ABSTRACT

Like all executed criminals, Jernigan’s virtual imago serves as an admonitory figure, a moral exemplar warning of the fate attendant on transgression of the social contract (Hutchings 1997). This doubtless accounts for much of the popular appeal of the image. It shores up a punitive sense of justice and upholds the rule of law, while translating the scene of judgement into the digital medium and giving it global distribution on the Web. I claimed at the beginning of Chapter 3 that the VHP recapitulates the entire history of anatomy. It remediates both anatomy’s history of visualisation-the transition from the earliest drawn atlases, through photography, the endoscope, the xray and tomography-and its production of social hierarchies of biovalue, through a morality of transgression, condemnation, sacrifice and post-humous redemption.
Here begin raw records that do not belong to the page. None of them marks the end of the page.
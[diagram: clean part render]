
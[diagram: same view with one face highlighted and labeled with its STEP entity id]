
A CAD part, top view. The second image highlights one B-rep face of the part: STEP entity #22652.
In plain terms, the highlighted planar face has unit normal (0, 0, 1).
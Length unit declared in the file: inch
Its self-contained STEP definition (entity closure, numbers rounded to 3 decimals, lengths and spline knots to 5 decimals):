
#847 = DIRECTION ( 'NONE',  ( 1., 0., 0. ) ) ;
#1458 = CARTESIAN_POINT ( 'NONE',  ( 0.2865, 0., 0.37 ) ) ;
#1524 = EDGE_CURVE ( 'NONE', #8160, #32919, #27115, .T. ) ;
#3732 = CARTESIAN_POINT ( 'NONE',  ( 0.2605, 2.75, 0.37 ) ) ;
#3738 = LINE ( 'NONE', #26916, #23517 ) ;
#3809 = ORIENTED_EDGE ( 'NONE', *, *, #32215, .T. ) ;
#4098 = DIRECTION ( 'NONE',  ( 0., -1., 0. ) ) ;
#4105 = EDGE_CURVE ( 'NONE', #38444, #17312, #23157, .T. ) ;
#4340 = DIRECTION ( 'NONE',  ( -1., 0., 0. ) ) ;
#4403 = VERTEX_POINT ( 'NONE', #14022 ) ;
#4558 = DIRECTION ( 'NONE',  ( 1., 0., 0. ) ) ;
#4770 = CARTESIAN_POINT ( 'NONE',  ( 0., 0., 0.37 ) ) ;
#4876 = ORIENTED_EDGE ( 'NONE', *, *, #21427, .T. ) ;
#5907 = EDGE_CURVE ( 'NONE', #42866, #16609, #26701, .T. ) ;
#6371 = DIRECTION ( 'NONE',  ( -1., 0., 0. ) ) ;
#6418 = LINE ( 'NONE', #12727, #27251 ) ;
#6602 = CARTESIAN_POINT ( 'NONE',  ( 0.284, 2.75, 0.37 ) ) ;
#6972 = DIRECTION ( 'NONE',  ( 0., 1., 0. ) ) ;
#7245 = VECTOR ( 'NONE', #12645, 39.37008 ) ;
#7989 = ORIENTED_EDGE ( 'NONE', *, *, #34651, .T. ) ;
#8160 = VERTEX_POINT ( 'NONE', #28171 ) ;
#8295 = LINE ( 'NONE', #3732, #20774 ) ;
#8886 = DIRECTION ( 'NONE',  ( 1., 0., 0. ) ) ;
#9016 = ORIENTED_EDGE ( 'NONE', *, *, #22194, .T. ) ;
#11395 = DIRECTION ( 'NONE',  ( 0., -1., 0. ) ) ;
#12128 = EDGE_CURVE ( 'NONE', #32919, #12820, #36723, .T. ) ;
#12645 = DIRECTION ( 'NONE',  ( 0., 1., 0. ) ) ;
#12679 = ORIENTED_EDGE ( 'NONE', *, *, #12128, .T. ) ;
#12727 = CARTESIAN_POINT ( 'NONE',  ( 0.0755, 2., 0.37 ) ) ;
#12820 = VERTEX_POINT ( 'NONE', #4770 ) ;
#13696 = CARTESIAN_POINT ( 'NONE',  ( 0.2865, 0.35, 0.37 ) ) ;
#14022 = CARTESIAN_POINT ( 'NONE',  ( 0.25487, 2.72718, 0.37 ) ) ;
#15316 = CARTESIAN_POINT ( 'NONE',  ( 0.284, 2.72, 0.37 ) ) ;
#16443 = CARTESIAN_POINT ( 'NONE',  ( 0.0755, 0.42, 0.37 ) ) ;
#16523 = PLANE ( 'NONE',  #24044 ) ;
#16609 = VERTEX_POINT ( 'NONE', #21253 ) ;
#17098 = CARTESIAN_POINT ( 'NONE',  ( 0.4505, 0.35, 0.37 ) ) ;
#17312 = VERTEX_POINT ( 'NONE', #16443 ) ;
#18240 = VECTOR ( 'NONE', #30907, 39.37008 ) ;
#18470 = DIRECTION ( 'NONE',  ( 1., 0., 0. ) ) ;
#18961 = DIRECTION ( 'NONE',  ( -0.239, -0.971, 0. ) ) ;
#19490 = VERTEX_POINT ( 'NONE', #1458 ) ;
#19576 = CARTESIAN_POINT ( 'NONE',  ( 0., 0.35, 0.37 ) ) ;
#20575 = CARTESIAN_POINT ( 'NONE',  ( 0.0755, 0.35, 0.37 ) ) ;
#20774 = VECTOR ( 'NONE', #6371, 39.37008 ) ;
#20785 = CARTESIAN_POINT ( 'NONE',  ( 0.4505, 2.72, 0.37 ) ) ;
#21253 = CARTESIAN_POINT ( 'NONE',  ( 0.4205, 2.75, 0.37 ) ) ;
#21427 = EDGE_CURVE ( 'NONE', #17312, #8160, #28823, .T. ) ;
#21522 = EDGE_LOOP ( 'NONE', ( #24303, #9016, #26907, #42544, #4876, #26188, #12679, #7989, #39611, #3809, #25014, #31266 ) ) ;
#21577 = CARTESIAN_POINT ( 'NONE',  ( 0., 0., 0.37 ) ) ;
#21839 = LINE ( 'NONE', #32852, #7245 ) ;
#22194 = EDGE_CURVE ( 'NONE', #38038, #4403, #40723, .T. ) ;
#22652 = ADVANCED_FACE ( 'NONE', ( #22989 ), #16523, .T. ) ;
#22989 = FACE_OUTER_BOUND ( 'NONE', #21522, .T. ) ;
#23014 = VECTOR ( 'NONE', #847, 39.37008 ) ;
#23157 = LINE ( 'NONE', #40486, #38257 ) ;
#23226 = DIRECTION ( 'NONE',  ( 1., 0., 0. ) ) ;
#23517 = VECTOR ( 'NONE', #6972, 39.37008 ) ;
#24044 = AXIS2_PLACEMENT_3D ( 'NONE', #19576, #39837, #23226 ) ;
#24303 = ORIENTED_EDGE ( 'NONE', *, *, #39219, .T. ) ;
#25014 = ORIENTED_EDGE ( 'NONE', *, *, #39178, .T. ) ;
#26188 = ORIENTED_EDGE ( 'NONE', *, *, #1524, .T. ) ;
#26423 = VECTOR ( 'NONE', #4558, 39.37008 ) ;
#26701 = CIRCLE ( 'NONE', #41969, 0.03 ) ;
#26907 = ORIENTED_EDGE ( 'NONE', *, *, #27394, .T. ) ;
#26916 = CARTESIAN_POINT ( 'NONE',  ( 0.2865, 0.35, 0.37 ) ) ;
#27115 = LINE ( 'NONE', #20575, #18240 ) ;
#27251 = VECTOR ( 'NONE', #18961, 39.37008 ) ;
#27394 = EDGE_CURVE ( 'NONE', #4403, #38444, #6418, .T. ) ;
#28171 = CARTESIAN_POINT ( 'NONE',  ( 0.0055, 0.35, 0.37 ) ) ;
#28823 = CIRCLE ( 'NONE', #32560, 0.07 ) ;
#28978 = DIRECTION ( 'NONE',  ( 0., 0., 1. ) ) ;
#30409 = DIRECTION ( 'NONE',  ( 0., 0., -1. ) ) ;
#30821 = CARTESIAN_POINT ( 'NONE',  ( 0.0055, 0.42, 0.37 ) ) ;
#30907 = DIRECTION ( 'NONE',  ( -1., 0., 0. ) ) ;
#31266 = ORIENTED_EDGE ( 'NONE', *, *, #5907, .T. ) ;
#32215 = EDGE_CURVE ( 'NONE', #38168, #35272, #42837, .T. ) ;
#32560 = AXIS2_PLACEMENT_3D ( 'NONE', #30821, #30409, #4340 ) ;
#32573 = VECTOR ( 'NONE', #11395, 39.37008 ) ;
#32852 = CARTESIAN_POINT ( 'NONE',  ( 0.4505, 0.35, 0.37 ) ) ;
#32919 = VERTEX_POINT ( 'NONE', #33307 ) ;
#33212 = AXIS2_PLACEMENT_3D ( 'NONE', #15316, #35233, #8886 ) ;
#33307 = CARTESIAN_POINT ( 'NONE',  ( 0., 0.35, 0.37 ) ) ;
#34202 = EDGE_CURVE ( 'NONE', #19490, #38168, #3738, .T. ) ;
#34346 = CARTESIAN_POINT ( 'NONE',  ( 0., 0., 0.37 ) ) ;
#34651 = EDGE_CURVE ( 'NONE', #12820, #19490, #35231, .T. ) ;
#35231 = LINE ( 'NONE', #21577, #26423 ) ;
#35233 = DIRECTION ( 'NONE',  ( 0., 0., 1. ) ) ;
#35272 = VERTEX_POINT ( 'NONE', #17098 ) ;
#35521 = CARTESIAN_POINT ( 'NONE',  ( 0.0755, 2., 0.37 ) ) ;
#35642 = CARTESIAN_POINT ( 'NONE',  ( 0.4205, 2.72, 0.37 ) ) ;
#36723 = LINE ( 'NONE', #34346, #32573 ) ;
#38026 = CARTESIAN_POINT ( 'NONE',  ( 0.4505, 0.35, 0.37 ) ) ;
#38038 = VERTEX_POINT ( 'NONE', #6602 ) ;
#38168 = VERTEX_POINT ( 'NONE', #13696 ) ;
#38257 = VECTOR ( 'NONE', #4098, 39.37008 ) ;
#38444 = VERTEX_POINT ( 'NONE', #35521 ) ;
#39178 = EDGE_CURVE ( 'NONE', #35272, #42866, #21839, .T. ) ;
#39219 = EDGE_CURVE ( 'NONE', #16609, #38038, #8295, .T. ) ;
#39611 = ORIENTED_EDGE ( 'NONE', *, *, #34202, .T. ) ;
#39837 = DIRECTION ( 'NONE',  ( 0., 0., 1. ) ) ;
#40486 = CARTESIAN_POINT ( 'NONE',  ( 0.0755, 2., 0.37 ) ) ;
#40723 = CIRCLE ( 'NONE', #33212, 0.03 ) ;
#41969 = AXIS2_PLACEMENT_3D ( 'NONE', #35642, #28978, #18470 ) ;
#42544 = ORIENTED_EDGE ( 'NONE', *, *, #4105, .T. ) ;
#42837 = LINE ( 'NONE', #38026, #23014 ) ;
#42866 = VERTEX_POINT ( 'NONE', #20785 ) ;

The figure of Jernigan reminds us that this history does not belong to the brutal past of biomedicine but is with us still. The Visible Human Project indicates the latent status of all citizens, all subjects, as possible objects within the optical field of biomedicine. All subjects are potential standing reserves and sources of biovalue, raw materials for biotechnical projects. Some, like the woman who donated her body to the project, take up this potential as part of the duties of citizenship. Others, like Jernigan, are designated by regimes of crime and punishment, or related regimes of class, race, sex and colonisation, as suitable material for biotechnical transformation, fated to act as test-technologies for other, more worthy citizens. Bodily matter that is deemed socially valueless can be redeemed by working its biological qualities in the interests of those whose bodies count in the social order.